In early September 2020, the county of Los Angeles Public Works Department sent a notice to the church advising them of the termination of the church's parking lot lease along the water viaduct, which the church had held since 1975. Lawyers for Grace Community said this move by the county was in response to the church's decision to hold indoor worship services during the pandemic. Restrictions were lifted November 12, 2020.

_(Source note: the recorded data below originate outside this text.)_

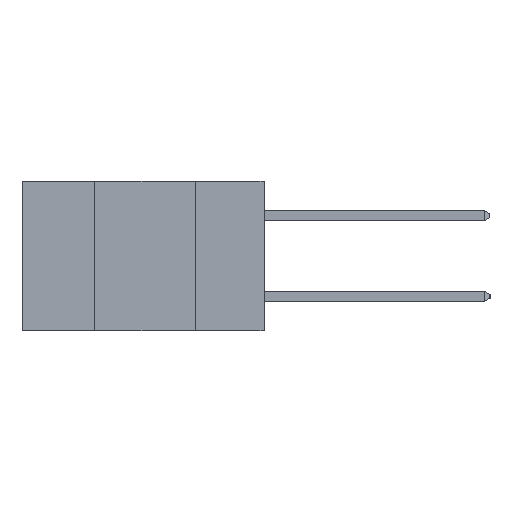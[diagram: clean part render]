
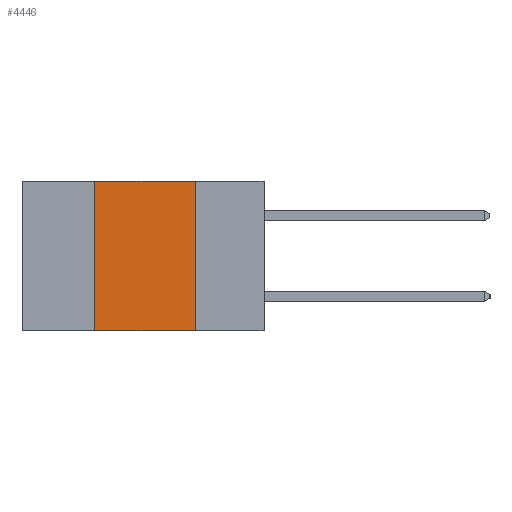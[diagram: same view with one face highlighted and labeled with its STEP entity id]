
A CAD part, left-side view. The second image highlights one B-rep face of the part: STEP entity #4446.
In plain terms, the highlighted planar face has unit normal (-1, 0, 0).
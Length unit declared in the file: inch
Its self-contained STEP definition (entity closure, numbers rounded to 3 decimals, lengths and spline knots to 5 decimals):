
#352 = DIRECTION ( 'NONE',  ( 0., 0., 1. ) ) ;
#667 = CARTESIAN_POINT ( 'NONE',  ( 0., 0.42, -0.37 ) ) ;
#751 = VECTOR ( 'NONE', #352, 39.37008 ) ;
#1566 = VERTEX_POINT ( 'NONE', #14700 ) ;
#1722 = VECTOR ( 'NONE', #4655, 39.37008 ) ;
#2181 = CARTESIAN_POINT ( 'NONE',  ( 0., 0.17, -0.37 ) ) ;
#2512 = ORIENTED_EDGE ( 'NONE', *, *, #6453, .F. ) ;
#2895 = AXIS2_PLACEMENT_3D ( 'NONE', #11716, #11666, #11590 ) ;
#3210 = FACE_OUTER_BOUND ( 'NONE', #14938, .T. ) ;
#3299 = ORIENTED_EDGE ( 'NONE', *, *, #3979, .T. ) ;
#3626 = LINE ( 'NONE', #16049, #13666 ) ;
#3979 = EDGE_CURVE ( 'NONE', #13955, #11657, #3626, .T. ) ;
#4050 = DIRECTION ( 'NONE',  ( 0., 0., -1. ) ) ;
#4446 = ADVANCED_FACE ( 'NONE', ( #3210 ), #11720, .F. ) ;
#4655 = DIRECTION ( 'NONE',  ( 0., -1., 0. ) ) ;
#5686 = VECTOR ( 'NONE', #4050, 39.37008 ) ;
#5796 = EDGE_CURVE ( 'NONE', #8804, #11657, #9840, .T. ) ;
#6453 = EDGE_CURVE ( 'NONE', #13955, #1566, #9623, .T. ) ;
#7756 = CARTESIAN_POINT ( 'NONE',  ( 0., 0.17, -0.37 ) ) ;
#8804 = VERTEX_POINT ( 'NONE', #11670 ) ;
#9623 = LINE ( 'NONE', #11734, #751 ) ;
#9840 = LINE ( 'NONE', #7756, #5686 ) ;
#10577 = ORIENTED_EDGE ( 'NONE', *, *, #5796, .F. ) ;
#10926 = CARTESIAN_POINT ( 'NONE',  ( 0., 0.6, 0. ) ) ;
#11354 = ORIENTED_EDGE ( 'NONE', *, *, #11632, .F. ) ;
#11590 = DIRECTION ( 'NONE',  ( 0., 0., -1. ) ) ;
#11632 = EDGE_CURVE ( 'NONE', #1566, #8804, #15151, .T. ) ;
#11657 = VERTEX_POINT ( 'NONE', #2181 ) ;
#11666 = DIRECTION ( 'NONE',  ( 1., 0., 0. ) ) ;
#11670 = CARTESIAN_POINT ( 'NONE',  ( 0., 0.17, 0. ) ) ;
#11716 = CARTESIAN_POINT ( 'NONE',  ( 0., 0.6, 0. ) ) ;
#11720 = PLANE ( 'NONE',  #2895 ) ;
#11734 = CARTESIAN_POINT ( 'NONE',  ( 0., 0.42, -0.37 ) ) ;
#13666 = VECTOR ( 'NONE', #16213, 39.37008 ) ;
#13955 = VERTEX_POINT ( 'NONE', #667 ) ;
#14700 = CARTESIAN_POINT ( 'NONE',  ( 0., 0.42, 0. ) ) ;
#14938 = EDGE_LOOP ( 'NONE', ( #10577, #11354, #2512, #3299 ) ) ;
#15151 = LINE ( 'NONE', #10926, #1722 ) ;
#16049 = CARTESIAN_POINT ( 'NONE',  ( 0., 0.6, -0.37 ) ) ;
#16213 = DIRECTION ( 'NONE',  ( 0., -1., 0. ) ) ;

On October 22, 2020, three cases of COVID-19 were reported among Grace Community Church attendees. In a statement, Jenna Ellis admitted that the positive COVID-19 cases had been confirmed but disputed the use of the word "outbreak" based on the fact only 3 had been reported. The Department of Public Health, however, defines an outbreak as 3 or more cases. Grace Community Church continued with in-person services the following Sunday in defiance of a court order requiring the church to stop.

After the COVID shutdown ended, the church promptly sued the city and the state in order to recoup losses from being unpermitted to meet in person. In September 2021, California courts ruled that Grace Community Church’s constitutional right to religious liberty had been violated, and the State of California and Los Angeles County governments agreed to a settlement of $400k each ($800k in total) to be paid to the church in legal fees.

In March 2022, during the annual Shepherds Conference, it was announced that Grace Community Church would produce The Essential Church, a feature-length documentary about the global church, persecution, and its response to COVID-19 restrictions.

==Accusations of improper response to domestic abuse ==
In March 2022, The Roys Report published an investigation implicating Grace Community Church and John MacArthur. Several women victims of domestic violence were reportedly asked to return to their husbands, under threat of excommunication. Carey Hardy, an associate pastor, allegedly told a victim to lead by example and "suffer for Jesus" by enduring her husband’s abuse. A church elder, Hohn Cho, allegedly urged MacArthur to reconsider the situation, who told him "forget it." In May 2002 and August 2002, the church publicly announced church discipline proceedings in front of the congregation regarding the woman for having divorced her husband. In 2005, the victim's husband was sentenced to 21 years in prison for aggravated child molestation, corporal injury to a child, and child abuse.